Goal of the exercise:
Return all lines from the entries below in which the word "Continuous" is present.

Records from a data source
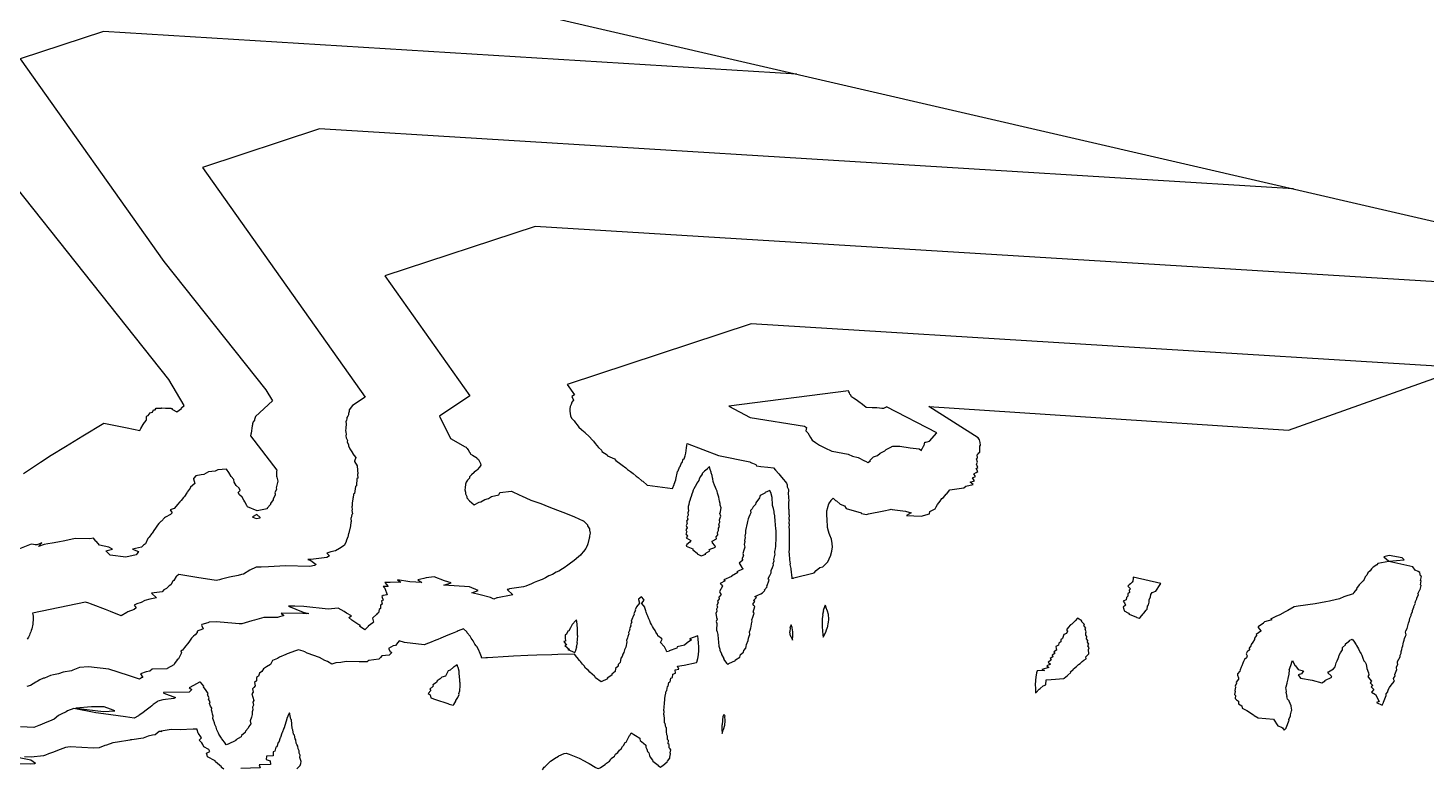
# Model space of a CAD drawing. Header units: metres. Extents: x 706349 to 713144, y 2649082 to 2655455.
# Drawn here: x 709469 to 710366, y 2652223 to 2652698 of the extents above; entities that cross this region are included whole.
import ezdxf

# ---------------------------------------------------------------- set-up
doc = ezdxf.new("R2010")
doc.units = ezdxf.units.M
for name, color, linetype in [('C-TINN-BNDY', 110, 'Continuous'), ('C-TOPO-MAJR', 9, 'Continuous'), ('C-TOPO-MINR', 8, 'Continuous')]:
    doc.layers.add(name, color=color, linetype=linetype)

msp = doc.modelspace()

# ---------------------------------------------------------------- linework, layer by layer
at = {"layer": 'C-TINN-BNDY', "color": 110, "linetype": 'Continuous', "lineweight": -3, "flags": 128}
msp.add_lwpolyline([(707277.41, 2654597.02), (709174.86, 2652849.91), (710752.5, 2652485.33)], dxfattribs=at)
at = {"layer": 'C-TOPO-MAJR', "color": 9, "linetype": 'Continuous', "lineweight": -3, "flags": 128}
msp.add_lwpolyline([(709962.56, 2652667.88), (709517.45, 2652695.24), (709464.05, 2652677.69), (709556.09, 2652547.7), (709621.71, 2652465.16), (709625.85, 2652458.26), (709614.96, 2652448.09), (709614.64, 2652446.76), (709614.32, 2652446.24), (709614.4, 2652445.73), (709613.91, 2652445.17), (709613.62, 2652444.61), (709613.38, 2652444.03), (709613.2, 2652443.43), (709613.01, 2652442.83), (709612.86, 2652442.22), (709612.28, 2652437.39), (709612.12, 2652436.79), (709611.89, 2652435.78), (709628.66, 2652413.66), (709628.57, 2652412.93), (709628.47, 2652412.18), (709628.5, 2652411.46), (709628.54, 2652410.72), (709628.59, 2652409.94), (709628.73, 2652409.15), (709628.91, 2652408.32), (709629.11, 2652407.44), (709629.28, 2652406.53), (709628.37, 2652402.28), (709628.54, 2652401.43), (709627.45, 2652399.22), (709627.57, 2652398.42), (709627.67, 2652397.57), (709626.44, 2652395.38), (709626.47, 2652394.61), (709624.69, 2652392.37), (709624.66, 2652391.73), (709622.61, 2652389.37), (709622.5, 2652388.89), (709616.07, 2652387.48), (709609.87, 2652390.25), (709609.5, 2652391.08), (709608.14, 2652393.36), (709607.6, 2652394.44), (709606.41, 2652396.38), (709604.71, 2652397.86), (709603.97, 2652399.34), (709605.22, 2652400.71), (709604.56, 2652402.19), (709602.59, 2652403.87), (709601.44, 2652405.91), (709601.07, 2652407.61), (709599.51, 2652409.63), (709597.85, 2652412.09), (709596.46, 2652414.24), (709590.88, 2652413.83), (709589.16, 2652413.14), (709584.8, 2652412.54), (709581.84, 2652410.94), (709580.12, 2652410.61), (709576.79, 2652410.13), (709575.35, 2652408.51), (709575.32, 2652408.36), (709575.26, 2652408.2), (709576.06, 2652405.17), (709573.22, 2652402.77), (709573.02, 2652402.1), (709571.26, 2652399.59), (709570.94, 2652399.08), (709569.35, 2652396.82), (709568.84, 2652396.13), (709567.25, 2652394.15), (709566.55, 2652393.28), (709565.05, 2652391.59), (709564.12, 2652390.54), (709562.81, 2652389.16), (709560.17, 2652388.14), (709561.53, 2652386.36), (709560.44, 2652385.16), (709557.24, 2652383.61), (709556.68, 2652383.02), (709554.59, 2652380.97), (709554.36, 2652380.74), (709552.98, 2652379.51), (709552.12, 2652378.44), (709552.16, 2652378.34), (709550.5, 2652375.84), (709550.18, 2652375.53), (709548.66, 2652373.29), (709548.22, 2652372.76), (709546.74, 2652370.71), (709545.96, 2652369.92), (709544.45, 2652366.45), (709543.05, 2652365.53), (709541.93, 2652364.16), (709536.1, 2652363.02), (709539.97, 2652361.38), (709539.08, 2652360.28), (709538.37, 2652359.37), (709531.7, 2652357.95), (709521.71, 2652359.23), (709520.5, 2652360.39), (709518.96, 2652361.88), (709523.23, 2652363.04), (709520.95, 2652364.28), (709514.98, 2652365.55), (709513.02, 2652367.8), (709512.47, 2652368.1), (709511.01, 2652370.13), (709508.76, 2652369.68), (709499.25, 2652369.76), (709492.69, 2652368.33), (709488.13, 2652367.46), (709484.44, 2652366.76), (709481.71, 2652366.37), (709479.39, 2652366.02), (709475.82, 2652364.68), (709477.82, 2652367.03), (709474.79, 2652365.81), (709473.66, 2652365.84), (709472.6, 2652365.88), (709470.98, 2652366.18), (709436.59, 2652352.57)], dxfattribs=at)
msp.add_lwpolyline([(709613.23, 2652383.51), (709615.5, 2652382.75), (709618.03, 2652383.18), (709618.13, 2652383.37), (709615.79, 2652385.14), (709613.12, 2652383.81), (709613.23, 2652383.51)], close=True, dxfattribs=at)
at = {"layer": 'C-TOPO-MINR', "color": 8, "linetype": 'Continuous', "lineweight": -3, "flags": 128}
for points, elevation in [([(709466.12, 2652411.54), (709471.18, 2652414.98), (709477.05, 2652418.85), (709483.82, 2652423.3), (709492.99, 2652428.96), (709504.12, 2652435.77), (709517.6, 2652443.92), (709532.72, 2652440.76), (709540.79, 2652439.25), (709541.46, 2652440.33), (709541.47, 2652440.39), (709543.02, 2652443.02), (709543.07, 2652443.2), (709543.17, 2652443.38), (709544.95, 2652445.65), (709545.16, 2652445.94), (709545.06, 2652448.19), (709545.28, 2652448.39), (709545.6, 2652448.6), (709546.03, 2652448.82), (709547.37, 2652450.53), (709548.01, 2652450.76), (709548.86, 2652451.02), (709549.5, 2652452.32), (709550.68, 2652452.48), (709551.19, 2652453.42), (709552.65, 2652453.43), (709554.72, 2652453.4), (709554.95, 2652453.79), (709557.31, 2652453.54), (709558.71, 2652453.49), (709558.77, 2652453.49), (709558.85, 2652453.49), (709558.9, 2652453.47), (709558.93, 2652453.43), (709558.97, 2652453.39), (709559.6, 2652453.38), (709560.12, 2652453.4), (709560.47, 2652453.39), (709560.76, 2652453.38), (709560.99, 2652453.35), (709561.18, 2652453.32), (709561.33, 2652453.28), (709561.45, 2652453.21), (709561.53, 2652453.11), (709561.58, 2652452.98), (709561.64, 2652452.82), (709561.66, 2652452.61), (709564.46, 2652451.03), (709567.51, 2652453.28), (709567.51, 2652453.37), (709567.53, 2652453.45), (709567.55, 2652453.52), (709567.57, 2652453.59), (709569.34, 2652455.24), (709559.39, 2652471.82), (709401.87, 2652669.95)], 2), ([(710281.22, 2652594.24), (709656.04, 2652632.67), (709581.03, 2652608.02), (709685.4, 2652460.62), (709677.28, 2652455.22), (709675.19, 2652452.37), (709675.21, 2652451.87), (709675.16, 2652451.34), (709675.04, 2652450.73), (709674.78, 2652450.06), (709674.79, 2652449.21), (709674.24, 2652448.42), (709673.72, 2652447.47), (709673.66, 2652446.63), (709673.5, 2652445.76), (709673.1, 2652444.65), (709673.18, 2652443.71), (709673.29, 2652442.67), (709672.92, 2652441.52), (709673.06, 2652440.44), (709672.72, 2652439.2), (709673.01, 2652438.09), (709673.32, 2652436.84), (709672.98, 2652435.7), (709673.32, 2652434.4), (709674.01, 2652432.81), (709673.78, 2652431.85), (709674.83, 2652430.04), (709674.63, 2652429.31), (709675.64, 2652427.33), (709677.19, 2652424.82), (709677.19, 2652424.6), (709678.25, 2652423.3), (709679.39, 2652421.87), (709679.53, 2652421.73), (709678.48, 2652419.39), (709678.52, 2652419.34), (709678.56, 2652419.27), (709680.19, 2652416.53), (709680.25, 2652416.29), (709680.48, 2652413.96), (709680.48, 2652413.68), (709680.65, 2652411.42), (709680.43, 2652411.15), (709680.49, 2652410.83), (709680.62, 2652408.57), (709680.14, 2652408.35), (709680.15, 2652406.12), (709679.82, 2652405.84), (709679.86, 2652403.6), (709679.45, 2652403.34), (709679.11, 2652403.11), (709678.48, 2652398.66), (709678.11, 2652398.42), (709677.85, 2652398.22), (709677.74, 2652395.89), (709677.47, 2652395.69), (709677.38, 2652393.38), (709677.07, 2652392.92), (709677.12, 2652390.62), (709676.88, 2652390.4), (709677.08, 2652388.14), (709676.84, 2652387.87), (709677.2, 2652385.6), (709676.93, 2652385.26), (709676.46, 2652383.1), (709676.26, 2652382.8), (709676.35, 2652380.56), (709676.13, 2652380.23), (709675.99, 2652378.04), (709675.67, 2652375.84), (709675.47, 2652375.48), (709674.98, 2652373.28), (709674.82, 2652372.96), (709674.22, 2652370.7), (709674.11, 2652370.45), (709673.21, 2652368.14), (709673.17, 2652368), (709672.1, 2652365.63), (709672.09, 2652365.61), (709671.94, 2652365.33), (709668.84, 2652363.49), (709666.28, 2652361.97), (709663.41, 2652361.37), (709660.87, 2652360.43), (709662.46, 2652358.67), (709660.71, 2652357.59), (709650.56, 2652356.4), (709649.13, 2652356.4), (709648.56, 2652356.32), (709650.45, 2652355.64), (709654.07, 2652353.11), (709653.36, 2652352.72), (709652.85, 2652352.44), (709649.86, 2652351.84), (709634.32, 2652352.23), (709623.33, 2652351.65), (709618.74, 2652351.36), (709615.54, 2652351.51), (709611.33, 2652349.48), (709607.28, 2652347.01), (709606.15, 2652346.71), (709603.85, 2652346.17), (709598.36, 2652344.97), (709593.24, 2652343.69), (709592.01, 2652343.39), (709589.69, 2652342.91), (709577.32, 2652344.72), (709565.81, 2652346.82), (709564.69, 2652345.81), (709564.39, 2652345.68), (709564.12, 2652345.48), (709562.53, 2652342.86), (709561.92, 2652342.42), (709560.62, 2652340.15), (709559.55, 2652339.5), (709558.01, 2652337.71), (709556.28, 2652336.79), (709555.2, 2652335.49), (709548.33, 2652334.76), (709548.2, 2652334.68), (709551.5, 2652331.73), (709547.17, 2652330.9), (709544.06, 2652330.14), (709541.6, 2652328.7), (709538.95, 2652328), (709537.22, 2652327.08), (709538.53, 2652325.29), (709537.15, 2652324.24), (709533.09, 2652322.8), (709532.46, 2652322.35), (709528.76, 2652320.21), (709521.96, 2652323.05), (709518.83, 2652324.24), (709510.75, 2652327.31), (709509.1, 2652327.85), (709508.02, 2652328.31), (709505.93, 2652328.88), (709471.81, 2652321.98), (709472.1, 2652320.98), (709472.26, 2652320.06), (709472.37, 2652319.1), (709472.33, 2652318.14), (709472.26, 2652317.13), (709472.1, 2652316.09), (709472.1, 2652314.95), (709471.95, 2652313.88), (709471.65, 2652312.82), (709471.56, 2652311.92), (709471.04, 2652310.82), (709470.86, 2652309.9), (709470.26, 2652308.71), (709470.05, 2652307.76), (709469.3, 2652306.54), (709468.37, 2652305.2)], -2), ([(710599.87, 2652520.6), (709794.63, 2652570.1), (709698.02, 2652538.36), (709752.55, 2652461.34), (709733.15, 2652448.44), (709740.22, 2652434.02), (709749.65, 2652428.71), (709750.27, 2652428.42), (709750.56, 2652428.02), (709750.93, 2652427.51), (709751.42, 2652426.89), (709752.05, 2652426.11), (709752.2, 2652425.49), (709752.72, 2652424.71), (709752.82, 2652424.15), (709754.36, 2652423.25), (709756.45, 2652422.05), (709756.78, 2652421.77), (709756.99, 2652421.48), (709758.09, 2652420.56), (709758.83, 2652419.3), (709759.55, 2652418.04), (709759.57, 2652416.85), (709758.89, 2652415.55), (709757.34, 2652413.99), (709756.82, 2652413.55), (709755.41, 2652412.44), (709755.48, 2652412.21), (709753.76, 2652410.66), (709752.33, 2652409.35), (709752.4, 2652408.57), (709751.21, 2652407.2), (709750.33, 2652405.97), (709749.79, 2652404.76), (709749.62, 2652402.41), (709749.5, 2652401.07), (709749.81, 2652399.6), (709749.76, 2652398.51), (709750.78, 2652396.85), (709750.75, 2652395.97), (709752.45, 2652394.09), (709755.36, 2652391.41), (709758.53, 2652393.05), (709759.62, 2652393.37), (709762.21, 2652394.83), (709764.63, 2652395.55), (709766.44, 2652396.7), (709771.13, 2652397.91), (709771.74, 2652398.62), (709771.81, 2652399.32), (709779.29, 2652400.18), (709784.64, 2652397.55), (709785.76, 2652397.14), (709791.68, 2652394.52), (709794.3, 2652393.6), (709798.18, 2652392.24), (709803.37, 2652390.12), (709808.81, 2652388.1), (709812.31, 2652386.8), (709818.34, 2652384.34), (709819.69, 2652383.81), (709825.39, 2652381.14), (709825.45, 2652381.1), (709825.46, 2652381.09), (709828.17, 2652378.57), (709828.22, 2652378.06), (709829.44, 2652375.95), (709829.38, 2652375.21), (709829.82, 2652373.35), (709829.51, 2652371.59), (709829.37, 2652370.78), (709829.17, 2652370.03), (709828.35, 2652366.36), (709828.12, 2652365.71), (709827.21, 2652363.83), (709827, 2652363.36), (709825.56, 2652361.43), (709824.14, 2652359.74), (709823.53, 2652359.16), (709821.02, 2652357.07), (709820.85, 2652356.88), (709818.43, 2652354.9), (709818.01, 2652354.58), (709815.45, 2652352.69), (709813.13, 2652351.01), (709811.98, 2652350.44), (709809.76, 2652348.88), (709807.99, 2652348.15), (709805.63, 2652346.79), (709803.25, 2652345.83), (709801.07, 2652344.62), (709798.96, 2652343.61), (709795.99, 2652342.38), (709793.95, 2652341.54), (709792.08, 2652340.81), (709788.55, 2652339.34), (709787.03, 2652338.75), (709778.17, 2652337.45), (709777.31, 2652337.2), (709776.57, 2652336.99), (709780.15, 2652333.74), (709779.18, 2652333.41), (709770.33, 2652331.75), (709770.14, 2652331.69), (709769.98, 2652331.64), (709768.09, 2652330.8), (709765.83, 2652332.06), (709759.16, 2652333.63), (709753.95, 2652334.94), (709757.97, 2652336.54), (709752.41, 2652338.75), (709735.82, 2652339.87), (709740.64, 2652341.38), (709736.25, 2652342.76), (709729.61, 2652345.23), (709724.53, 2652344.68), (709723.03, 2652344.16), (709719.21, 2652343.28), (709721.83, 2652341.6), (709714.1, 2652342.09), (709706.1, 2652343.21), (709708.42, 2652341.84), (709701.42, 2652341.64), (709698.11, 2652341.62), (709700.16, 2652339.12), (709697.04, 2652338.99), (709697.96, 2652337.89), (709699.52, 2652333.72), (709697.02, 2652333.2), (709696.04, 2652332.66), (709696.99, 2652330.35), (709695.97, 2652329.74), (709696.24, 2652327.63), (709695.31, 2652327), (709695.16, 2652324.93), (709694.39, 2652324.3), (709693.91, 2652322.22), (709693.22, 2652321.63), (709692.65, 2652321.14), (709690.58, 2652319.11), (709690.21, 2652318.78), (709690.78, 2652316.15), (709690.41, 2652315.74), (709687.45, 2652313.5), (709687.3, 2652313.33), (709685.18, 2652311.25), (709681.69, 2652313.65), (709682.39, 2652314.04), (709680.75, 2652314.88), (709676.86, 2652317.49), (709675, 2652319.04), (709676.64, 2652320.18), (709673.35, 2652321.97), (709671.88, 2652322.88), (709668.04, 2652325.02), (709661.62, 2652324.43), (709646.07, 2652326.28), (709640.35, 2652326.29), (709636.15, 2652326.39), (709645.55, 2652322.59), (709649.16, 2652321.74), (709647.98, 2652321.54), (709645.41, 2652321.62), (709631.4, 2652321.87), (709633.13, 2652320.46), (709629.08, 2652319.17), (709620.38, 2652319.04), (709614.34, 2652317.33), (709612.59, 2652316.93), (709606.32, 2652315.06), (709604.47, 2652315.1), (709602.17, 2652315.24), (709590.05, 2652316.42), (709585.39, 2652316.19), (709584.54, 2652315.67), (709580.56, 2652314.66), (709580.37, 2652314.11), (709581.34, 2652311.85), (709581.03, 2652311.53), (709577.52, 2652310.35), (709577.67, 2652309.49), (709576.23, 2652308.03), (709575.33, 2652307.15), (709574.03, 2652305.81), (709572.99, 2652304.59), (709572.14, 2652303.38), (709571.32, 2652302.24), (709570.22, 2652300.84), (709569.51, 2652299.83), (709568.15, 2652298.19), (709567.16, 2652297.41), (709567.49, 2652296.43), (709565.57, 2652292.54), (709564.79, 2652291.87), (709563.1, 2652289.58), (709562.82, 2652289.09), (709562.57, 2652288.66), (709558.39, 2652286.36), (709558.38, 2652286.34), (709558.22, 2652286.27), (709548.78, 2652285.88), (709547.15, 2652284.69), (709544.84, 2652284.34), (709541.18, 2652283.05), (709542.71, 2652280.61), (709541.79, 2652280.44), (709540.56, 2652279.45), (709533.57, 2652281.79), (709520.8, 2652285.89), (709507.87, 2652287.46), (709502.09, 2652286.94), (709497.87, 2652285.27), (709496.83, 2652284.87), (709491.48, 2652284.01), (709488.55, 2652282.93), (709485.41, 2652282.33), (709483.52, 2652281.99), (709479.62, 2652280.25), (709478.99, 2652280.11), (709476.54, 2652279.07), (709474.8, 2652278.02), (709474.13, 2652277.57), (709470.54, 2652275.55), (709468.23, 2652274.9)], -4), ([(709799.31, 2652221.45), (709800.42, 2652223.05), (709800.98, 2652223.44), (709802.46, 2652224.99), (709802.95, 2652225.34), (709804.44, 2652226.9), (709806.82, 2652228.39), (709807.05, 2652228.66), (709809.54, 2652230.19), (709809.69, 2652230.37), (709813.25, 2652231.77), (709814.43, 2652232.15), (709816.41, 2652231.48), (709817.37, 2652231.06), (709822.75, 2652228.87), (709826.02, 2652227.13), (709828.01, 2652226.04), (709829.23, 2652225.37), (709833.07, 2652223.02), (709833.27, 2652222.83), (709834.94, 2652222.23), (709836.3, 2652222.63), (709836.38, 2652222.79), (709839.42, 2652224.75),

Exercise output:
for name, color, linetype in [('C-TINN-BNDY', 110, 'Continuous'), ('C-TOPO-MAJR', 9, 'Continuous'), ('C-TOPO-MINR', 8, 'Continuous')]:
at = {"layer": 'C-TINN-BNDY', "color": 110, "linetype": 'Continuous', "lineweight": -3, "flags": 128}
at = {"layer": 'C-TOPO-MAJR', "color": 9, "linetype": 'Continuous', "lineweight": -3, "flags": 128}
at = {"layer": 'C-TOPO-MINR', "color": 8, "linetype": 'Continuous', "lineweight": -3, "flags": 128}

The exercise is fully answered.